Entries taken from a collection
----------------------------------------

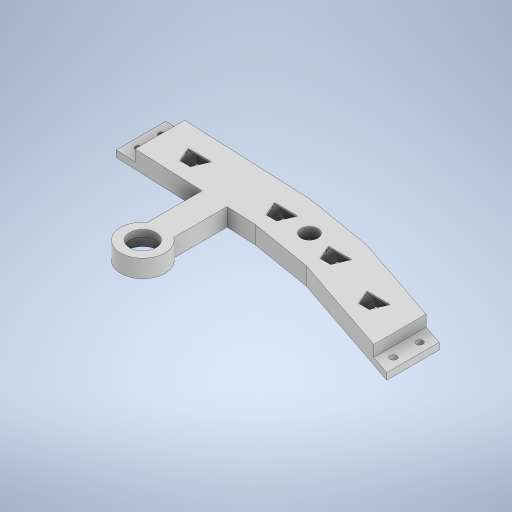
# Autodesk Inventor part: Potentiometer Holder
Saved by Autodesk Inventor 2023 (Build 270158000, 158)
## iProperties
Created: 2022-10-21
Part Number: Potentiometer Holder
Material: Generic
Document SubType Name: Modeling
Designer: GROS
Density: 1 g/cm^3
Appearance: Default
Author: GROS
Autodesk Inventor part; units mm, degrees
ref_plane "YZ Plane" through (0, 0, 0) normal (1, 0, 0) x (0, 1, 0)
ref_plane "XZ Plane" through (0, 0, 0) normal (0, 1, 0) x (-1, 0, 0)
ref_plane "XY Plane" through (0, 0, 0) normal (0, 0, 1) x (1, 0, 0)
sketch "Sketch1" plane through (0, 0, 0) normal (0, 1, 0) x (-1, 0, 0)
  line L0 (104.2041, -28.2127) -> (104.2041, -21.1501)
  line L1 (100.2041, -28.2127) -> (104.2041, -28.2127)
  line L2 (16.1749, -17.7633) -> (10.1749, -17.7633)
  line L3 (10.1749, -17.7633) -> (10.1749, -19.7955)
  line L4 (13.1749, -17.7633) -> (13.1749, -20.8106)
  line L5 (13.1749, -20.8106) -> (13.1749, -4.8696)
  line L6 (13.1749, -20.8106) -> (13.1749, -16.8106)
  line L7 (13.1749, -4.8696) -> (13.1749, -8.8696)
  circle A0 centre (13.1749, -8.8696) radius 1
  circle A1 centre (13.1749, -16.8106) radius 1
  line L8 (10.1749, -19.7955) -> (10.1749, -3.8545)
  circle A2 centre (45.4573, -23.7633) radius 7.55
  line L9 (27.7249, -17.7633) -> (20.1749, -17.7633)
  circle A3 centre (27.7249, -17.7633) radius 7.55
  line L10 (51.451, -33.7618) -> (1.5927, -16.8916)
  line L11 (20.1749, -17.7633) -> (16.1749, -17.7633)
  line L12 (16.1749, -17.7633) -> (16.1749, -5.8847)
  line L13 (16.1749, -17.7633) -> (16.1749, -21.8257)
  circle A4 centre (65.1803, -27.0368) radius 7.55
  line L14 (70.678, -35.6025) -> (39.5208, -30.4313)
  line L15 (107.2041, -28.2127) -> (107.2041, -21.2785)
  line L16 (107.2041, -21.2785) -> (107.2041, -25.2785)
  line L17 (104.2041, -28.2127) -> (104.2041, -36.2639)
  circle A5 centre (107.2041, -32.3923) radius 1
  line L18 (110.2041, -28.2127) -> (110.2041, -21.4069)
  line L19 (107.2041, -28.2127) -> (107.2041, -36.3923)
  line L20 (107.2041, -36.3923) -> (107.2041, -28.3923)
  line L21 (104.2041, -28.2127) -> (110.2041, -28.2127)
  line L22 (110.2041, -28.2127) -> (110.2041, -36.5208)
  circle A6 centre (107.2041, -25.2785) radius 1
  line L23 (114.6217, -21.596) -> (60.8612, -19.295)
  line L24 (60.2143, -34.3811) -> (122.676, -37.0546)
  line L25 (92.6541, -28.2127) -> (100.2041, -28.2127)
  circle A7 centre (92.6541, -28.2127) radius 7.55
  line L26 (51.8932, -17.9704) -> (4.2209, -1.8399)
  line L27 (75.2254, -21.0507) -> (39.3363, -15.0941)
  line L28 (55.3188, -33.0533) -> (55.3188, -17.7467)
  circle A8 centre (55.3188, -25.4) radius 2.55
  circle A9 centre (55.3188, -25.4) radius 1
  line L29 (65.1803, -27.0368) -> (45.4573, -27.0368)
  line L30 (92.6541, -35.7627) -> (92.6541, -28.2127)
  line L31 (65.1803, -34.5868) -> (65.1803, -27.0368)
  line L32 (45.4573, -31.3133) -> (45.4573, -23.7633)
  line L33 (27.7249, -25.3133) -> (27.7249, -17.7633)
  line L34 (92.6541, -28.2127) -> (92.6541, -35.7627)
  line L35 (96.1541, -28.3227) -> (95.1941, -28.3227)
  circle A10 centre (95.1941, -28.3227) radius 0.5
  line L36 (96.1541, -29.3227) -> (93.9142, -23.965)
  line L37 (90.1141, -29.3227) -> (89.1541, -29.3227)
  line L38 (90.1141, -28.3227) -> (90.1141, -29.3227)
  line L39 (89.1541, -29.3227) -> (91.4835, -23.7509)
  circle A11 centre (90.1141, -28.3227) radius 0.5
  line L40 (95.1941, -28.3227) -> (92.6541, -28.3227)
  line L41 (92.6541, -28.3227) -> (92.6541, -25.7827)
  circle A12 centre (92.6541, -25.7827) radius 0.5
  line L42 (92.6541, -28.3227) -> (90.1141, -28.3227)
  line L43 (96.1541, -32.0527) -> (96.1541, -24.8527)
  line L44 (96.1541, -32.0527) -> (96.1541, -28.3227)
  line L45 (96.1541, -24.8527) -> (89.1541, -24.8527)
  line L46 (89.1541, -24.8527) -> (89.1541, -32.0527)
  line L47 (92.6541, -32.0527) -> (96.1541, -32.0527)
  line L48 (89.1541, -29.3227) -> (96.1541, -29.3227)
  line L49 (89.1541, -32.0527) -> (96.1541, -32.0527)
  line L50 (92.6541, -28.2127) -> (92.6541, -32.0527)
  line L51 (92.6541, -35.7627) -> (92.6541, -28.2127)
  line L52 (65.1803, -27.0368) -> (65.1803, -34.5868)
  line L53 (68.6803, -27.1468) -> (67.7203, -27.1468)
  circle A13 centre (67.7203, -27.1468) radius 0.5
  line L54 (68.6803, -28.1468) -> (66.4404, -22.789)
  line L55 (62.6403, -28.1468) -> (61.6803, -28.1468)
  line L56 (62.6403, -27.1468) -> (62.6403, -28.1468)
  line L57 (61.6803, -28.1468) -> (64.0097, -22.5749)
  circle A14 centre (62.6403, -27.1468) radius 0.5
  line L58 (67.7203, -27.1468) -> (65.1803, -27.1468)
  line L59 (65.1803, -27.1468) -> (65.1803, -24.6068)
  circle A15 centre (65.1803, -24.6068) radius 0.5
  line L60 (65.1803, -27.1468) -> (62.6403, -27.1468)
  line L61 (68.6803, -30.8768) -> (68.6803, -23.6768)
  line L62 (68.6803, -30.8768) -> (68.6803, -27.1468)
  line L63 (68.6803, -23.6768) -> (61.6803, -23.6768)
  line L64 (61.6803, -23.6768) -> (61.6803, -30.8768)
  line L65 (65.1803, -30.8768) -> (68.6803, -30.8768)
  line L66 (61.6803, -28.1468) -> (68.6803, -28.1468)
  line L67 (61.6803, -30.8768) -> (68.6803, -30.8768)
  line L68 (65.1803, -27.0368) -> (65.1803, -30.8768)
  line L69 (65.1803, -34.5868) -> (65.1803, -27.0368)
  line L70 (45.4573, -23.7633) -> (45.4573, -31.3133)
  line L71 (48.9573, -23.8733) -> (47.9973, -23.8733)
  circle A16 centre (47.9973, -23.8733) radius 0.5
  line L72 (48.9573, -24.8733) -> (46.7174, -19.5156)
  line L73 (42.9173, -24.8733) -> (41.9573, -24.8733)
  line L74 (42.9173, -23.8733) -> (42.9173, -24.8733)
  line L75 (41.9573, -24.8733) -> (44.2867, -19.3014)
  circle A17 centre (42.9173, -23.8733) radius 0.5
  line L76 (47.9973, -23.8733) -> (45.4573, -23.8733)
  line L77 (45.4573, -23.8733) -> (45.4573, -21.3333)
  circle A18 centre (45.4573, -21.3333) radius 0.5
  line L78 (45.4573, -23.8733) -> (42.9173, -23.8733)
  line L79 (48.9573, -27.6033) -> (48.9573, -20.4033)
  line L80 (48.9573, -27.6033) -> (48.9573, -23.8733)
  line L81 (48.9573, -20.4033) -> (41.9573, -20.4033)
  line L82 (41.9573, -20.4033) -> (41.9573, -27.6033)
  line L83 (45.4573, -27.6033) -> (48.9573, -27.6033)
  line L84 (41.9573, -24.8733) -> (48.9573, -24.8733)
  line L85 (41.9573, -27.6033) -> (48.9573, -27.6033)
  line L86 (45.4573, -23.7633) -> (45.4573, -27.6033)
  line L87 (45.4573, -31.3133) -> (45.4573, -23.7633)
  line L88 (27.7249, -17.7633) -> (27.7249, -25.3133)
  line L89 (31.2249, -17.8733) -> (30.2649, -17.8733)
  circle A19 centre (30.2649, -17.8733) radius 0.5
  line L90 (31.2249, -18.8733) -> (28.985, -13.5156)
  line L91 (25.1849, -18.8733) -> (24.2249, -18.8733)
  line L92 (25.1849, -17.8733) -> (25.1849, -18.8733)
  line L93 (24.2249, -18.8733) -> (26.5542, -13.3014)
  circle A20 centre (25.1849, -17.8733) radius 0.5
  line L94 (30.2649, -17.8733) -> (27.7249, -17.8733)
  line L95 (27.7249, -17.8733) -> (27.7249, -15.3333)
  circle A21 centre (27.7249, -15.3333) radius 0.5
  line L96 (27.7249, -17.8733) -> (25.1849, -17.8733)
  line L97 (31.2249, -21.6033) -> (31.2249, -14.4033)
  line L98 (31.2249, -21.6033) -> (31.2249, -17.8733)
  line L99 (31.2249, -14.4033) -> (24.2249, -14.4033)
  line L100 (24.2249, -14.4033) -> (24.2249, -21.6033)
  line L101 (27.7249, -21.6033) -> (31.2249, -21.6033)
  line L102 (24.2249, -18.8733) -> (31.2249, -18.8733)
  line L103 (24.2249, -21.6033) -> (31.2249, -21.6033)
  line L104 (27.7249, -17.7633) -> (27.7249, -21.6033)
  line L105 (27.7249, -25.3133) -> (27.7249, -17.7633)
  line L106 (92.6541, -28.2127) -> (65.1803, -28.2127)
  line L107 (78.9172, -28.2127) -> (78.9172, 1.7873)
  circle A22 centre (78.9172, 1.7873) radius 4
  circle A23 centre (78.9172, 1.7873) radius 5.25
  circle A24 centre (78.9172, 1.7873) radius 6.75
  line L108 (78.9172, 1.7873) -> (82.9172, 1.7873)
  line L109 (82.9172, 1.7873) -> (74.9172, 1.7873)
  line L110 (74.9172, 1.7873) -> (74.9172, -23.7633)
  line L111 (74.9172, -23.7633) -> (82.9172, -23.7633)
  line L112 (82.9172, -23.7633) -> (82.9172, 1.7873)
  point P0 (47.2973, -16.4154)
  point P1 (43.6173, -31.1112)
  point P2 (64.3979, -34.5602)
  point P3 (65.9627, -19.5133)
  point P4 (24.7236, -17.6804)
  point P5 (26.0936, -14.4033)
  point P6 (29.3561, -14.4033)
  point P7 (30.7262, -17.6804)
  point P8 (30.7649, -17.8733)
  point P9 (30.8068, -17.8733)
  point P10 (24.6889, -17.7633)
  point P11 (24.6971, -17.7633)
  point P12 (43.826, -20.4033)
  point P13 (47.0885, -20.4033)
  point P14 (48.4586, -23.6804)
  point P15 (48.4973, -23.8733)
  point P16 (48.5392, -23.8733)
  point P17 (91.0228, -24.8527)
  point P18 (94.2853, -24.8527)
  point P19 (95.6554, -28.1298)
  point P20 (95.6941, -28.3227)
  point P21 (95.736, -28.3227)
  point P22 (62.179, -26.9539)
  point P23 (63.549, -23.6768)
  point P24 (66.8115, -23.6768)
  point P25 (68.1816, -26.9539)
  point P26 (68.2203, -27.1468)
  point P27 (68.2622, -27.1468)
  point P28 (62.1443, -27.0368)
  point P29 (62.1525, -27.0368)
  point P30 (82.9172, -20.239)
  point P31 (82.9172, -3.6498)
  point P32 (74.9172, -3.6498)
  point P33 (74.9172, -19.8966)
  dimension "d289" = 15.1
  dimension "d369" = 8
  dimension "d282" = 15.1
  dimension "d283" = 15.1
  dimension "d286" = 1.1759
  dimension "d287" = 3.2735
  dimension "d292" = 4
  dimension "d293" = 6
  dimension "d294" = 4
  dimension "d295" = 4
  dimension "d296" = 2
  dimension "d297" = 2
  dimension "d298" = 4
  dimension "d299" = 6
  dimension "d300" = 4
  dimension "d301" = 4
  dimension "d302" = 2
  dimension "d303" = 2
  dimension "d304" = 5.1
  dimension "d305" = 2
  dimension "d307" = 15.1
  dimension "d308" = 7.55
  dimension "d309" = 7.55
  dimension "d310" = 3.84
  dimension "d311" = 3.5
  dimension "d312" = 7.2
  dimension "d313" = 7
  dimension "d314" = 3.73
  dimension "d315" = 0.96
  dimension "d316" = 2.54
  dimension "d317" = 2.54
  dimension "d318" = 2.54
  dimension "d319" = 1
  dimension "d320" = 1
  dimension "d321" = 1
  dimension "d322" = 1
  dimension "d323" = 7.55
  dimension "d324" = 7.55
  dimension "d325" = 3.84
  dimension "d326" = 3.5
  dimension "d327" = 7.2
  dimension "d328" = 7
  dimension "d329" = 3.73
  dimension "d330" = 0.96
  dimension "d331" = 2.54
  dimension "d332" = 2.54
  dimension "d333" = 2.54
  dimension "d334" = 1
  dimension "d335" = 1
  dimension "d336" = 1
  dimension "d337" = 1
  dimension "d338" = 7.55
  dimension "d339" = 7.55
  dimension "d340" = 3.84
  dimension "d341" = 3.5
  dimension "d342" = 7.2
  dimension "d343" = 7
  dimension "d344" = 3.73
  dimension "d345" = 0.96
  dimension "d346" = 2.54
  dimension "d347" = 2.54
  dimension "d348" = 2.54
  dimension "d349" = 1
  dimension "d350" = 1
  dimension "d351" = 1
  dimension "d352" = 1
  constraints: 226 end point, 44 point on line, 23 centre point, 22 coincident, 18 tangent, 11 parallel, 10 vertical, 9 perpendicular, 5 horizontal, 5 midpoint, 2 horizontal alignment, 2 point on circle, 6 other
  measures "d282" diameter of A4
  measures "d283" diameter of A2
  measures "d286" vertical distance of A4.centre A7.centre
  measures "d287" vertical distance of A2.centre A4.centre
  measures "d292" distance of L11.start L13.start
  measures "d293" distance of L13.start L2.end
  measures "d294" distance of L5.end L7.end
  measures "d295" distance of L4.end L6.end
  measures "d296" diameter of A1
  measures "d297" diameter of A0
  measures "d298" distance of L25.end L17.start
  measures "d299" distance of L17.start L21.end
  measures "d300" distance of L15.end L16.end
  measures "d301" distance of point (107.204, -32.392) L19.end
  measures "d302" diameter of A6
  measures "d303" diameter of A5
  measures "d304" diameter of A8
  measures "d305" diameter of A9
  measures "d307" diameter of A7
  measures "d308" distance of L34.start L34.end
  measures "d309" distance of L51.start L50.start
  measures "d310" distance of L50.start L47.start
  measures "d311" distance of L47.start L47.end
  measures "d312" distance of L47.end L43.end
  measures "d313" distance of L46.end L47.end
  measures "d314" distance of L47.end L35.start
  measures "d315" distance of L35.start L40.start
  measures "d316" distance of L40.start L40.end
  measures "d317" distance of L40.end L42.end
  measures "d318" distance of L40.end L41.end
  measures "d319" diameter of A12
  measures "d320" diameter of A10
  measures "d321" diameter of A11
  measures "d322" distance of L38.start L37.start
  measures "d323" distance of L52.start L52.end
  measures "d324" distance of L69.start L68.start
  measures "d325" distance of L68.start L65.start
  measures "d326" distance of L65.start L65.end
  measures "d327" distance of L65.end L61.end
  measures "d328" distance of L64.end L65.end
  measures "d329" distance of L65.end L53.start
  measures "d330" distance of L53.start L58.start
  measures "d331" distance of L58.start L58.end
  measures "d332" distance of L58.end L60.end
  measures "d333" distance of L58.end L59.end
  measures "d334" diameter of A15
  measures "d335" diameter of A13
  measures "d336" diameter of A14
  measures "d337" distance of L56.start L55.start
  measures "d338" distance of L70.start L70.end
  measures "d339" distance of L87.start L86.start
  measures "d340" distance of L86.start L83.start
  measures "d341" distance of L83.start L83.end
  measures "d342" distance of L83.end L79.end
  measures "d343" distance of L82.end L83.end
  measures "d344" distance of L83.end L71.start
  measures "d345" distance of L71.start L76.start
  measures "d346" distance of L76.start L76.end
  measures "d347" distance of L76.end L78.end
  measures "d348" distance of L76.end L77.end
  measures "d349" diameter of A18
  measures "d350" diameter of A16
  measures "d351" diameter of A17
  measures "d352" distance of L74.start L73.start
extrude "Extrusion1" add sketch "Sketch1" against normal blind 4.9 contours L1 A7 L23 L0 | L17 L24 A7 L1 | A7 L30 L47 L43 L25 | L25 L43 L45 L46 L106 A7 | A7 L106 L107 L111 L112 L23 | A7 L106 L46 L49 L30 | L24 A4 L106 A7 | L112 L111 L107 L23 | L24 L14 A4 | A4 L29 L64 L67 L31 | L107 L111 L110 L23 | L106 A4 L27 L110 L111 L107 | L14 L28 A8 L29 A4 | L31 L65 L61 L106 A4 | L110 L27 L23 | L106 L61 L63 L64 L29 A4 A8 | L29 A8 A4 | L14 A2 L29 A8 L28 | L27 A4 L23 | L23 A4 A8 L28 L27 | A8 L29 L28 A9 A4 | A4 A8 | A8 L28 L29 | L14 L10 A2 | A2 A8 L29 L79 L81 L82 L85 L32 | A8 L29 L28 | L28 A8 A2 L26 L27 | L29 A8 A2 L28 A9 | L10 A3 L26 L27 A2 | L32 L83 L79 L29 A2 | L29 A2 A8 | L26 A2 L27 | A9 L28 | L28 A9 | L10 L13 L11 A3 | A3 L9 L100 L103 L33 | A8 A2 | A3 L33 L101 L97 L99 L100 L9 | A3 L11 L12 L26
extrude "Extrusion2" add sketch "Sketch1" along normal blind 0.5 contours L1 A7 L23 L0 | L17 L24 A7 L1 | A7 L30 L47 L43 L25 | L25 L43 L45 L46 L106 A7 | A7 L106 L107 L111 L112 L23 | L43 L35 L36 L25 | L25 L36 L45 L43 | A7 L106 L46 L49 L30 | L24 A4 L106 A7 | L112 L111 L107 L23 | L36 L35 A10 L25 | L25 A10 L36 | L43 L36 L35 | L49 L46 L37 L48 L30 | L30 L48 L43 L47 | L24 L14 A4 | A4 L29 L64 L67 L31 | L107 L111 L110 L23 | L106 L39 L46 | L46 L45 L39 L106 | L106 A4 L27 L110 L111 L107 | L14 L28 A8 L29 A4 | L31 L65 L61 L106 A4 | L110 L27 L23 | L106 L61 L63 L64 L29 A4 A8 | L29 A8 A4 | L14 A2 L29 A8 L28 | L67 L64 L55 L66 L31 | L31 L106 L61 L65 | L27 A4 L23 | L23 A4 A8 L28 L27 | L106 L31 L66 L61 | A8 L29 L28 A9 A4 | A4 A8 | L64 L63 L57 L29 | L29 L57 L64 | A8 L28 L29 | L14 L10 A2 | A2 A8 L29 L79 L81 L82 L85 L32 | A8 L29 L28 | L28 A8 A2 L26 L27 | L54 L53 L61 | L57 A14 L29 | L29 A8 A2 L28 A9 | L10 A3 L26 L27 A2 | L32 L83 L79 L29 A2 | L29 A2 A8 | L26 A2 L27 | L54 L63 L61 L53 | L53 A13 L54 | A9 L28 | L28 A9 | L10 L13 L11 A3 | A3 L9 L100 L103 L33 | L85 L82 L73 L84 L32 | L32 L29 L79 L83 | A8 A2 | A3 L33 L101 L97 L99 L100 L9 | A3 L11 L12 L26 | L29 L32 L84 L79 | L100 L99 L93 L9 | L9 L93 L100 | L103 L100 L91 L102 L33 | L33 L102 L97 L101 | L72 L71 L79 | L82 L81 L75 | L93 A20 L9 | L72 L81 L79 L71 | L71 A16 L72 | L90 L89 L97 | L99 L97 L89 L90 | L89 A19 L90
extrude "Extrusion4" add sketch "Sketch1" against normal up to surface (4.9 mm away) contours L21 L19 A5 L24 L17 | L0 L23 L15 A6 L21 | L21 L22 L24 L19 A5 | L15 A6 L23 L18 L21 | L10 L4 A1 L2 L13 | L12 L2 A1 L5 A0 L26 | L10 L3 L2 A1 L4 | L5 A0 A1 L2 L8 L26
extrude "Extrusion5" cut sketch "Sketch1" against normal blind 2.9 contours L21 L19 A5 L24 L17 | L0 L23 L15 A6 L21 | L21 L22 L24 L19 A5 | L15 A6 L23 L18 L21 | L10 L4 A1 L2 L13 | L12 L2 A1 L5 A0 L26 | L10 L3 L2 A1 L4 | L5 A0 A1 L2 L8 L26
extrude "Extrusion6" cut sketch "Sketch1" along normal blind 0.5 and the other way blind 2.9 contours A8 L29 L28 A9 A4 | A4 A8 | A8 L28 L29 | A8 L29 L28 | L29 A8 A2 L28 A9 | A9 L28 | L28 A9 | A8 A2
extrude "Extrusion7" cut sketch "Sketch1" against normal up to surface (4.9 mm away) contours A9 L28 | L28 A9
extrude "Extrusion8" add sketch "Sketch1" along normal blind 0.5 and the other way blind 4.9 contours L23 L107 A24 L112 | L23 L110 A24 L107 | L112 A23 L110 A24 | A24 L107 A23 L112 | A24 L110 A23 L107
extrude "Extrusion9" add sketch "Sketch1" along normal blind 0.5 and the other way blind 1.5 contours L112 A22 L110 A23 | A23 L107 A22 L112 | A23 L110 A22 L107
body "Solid1"

----------------------------------------

Prompt ▸ Locate the lines above that hold the word "away". Show every one of them.

Solution to the exercise ▸
extrude "Extrusion4" add sketch "Sketch1" against normal up to surface (4.9 mm away) contours L21 L19 A5 L24 L17 | L0 L23 L15 A6 L21 | L21 L22 L24 L19 A5 | L15 A6 L23 L18 L21 | L10 L4 A1 L2 L13 | L12 L2 A1 L5 A0 L26 | L10 L3 L2 A1 L4 | L5 A0 A1 L2 L8 L26
extrude "Extrusion7" cut sketch "Sketch1" against normal up to surface (4.9 mm away) contours A9 L28 | L28 A9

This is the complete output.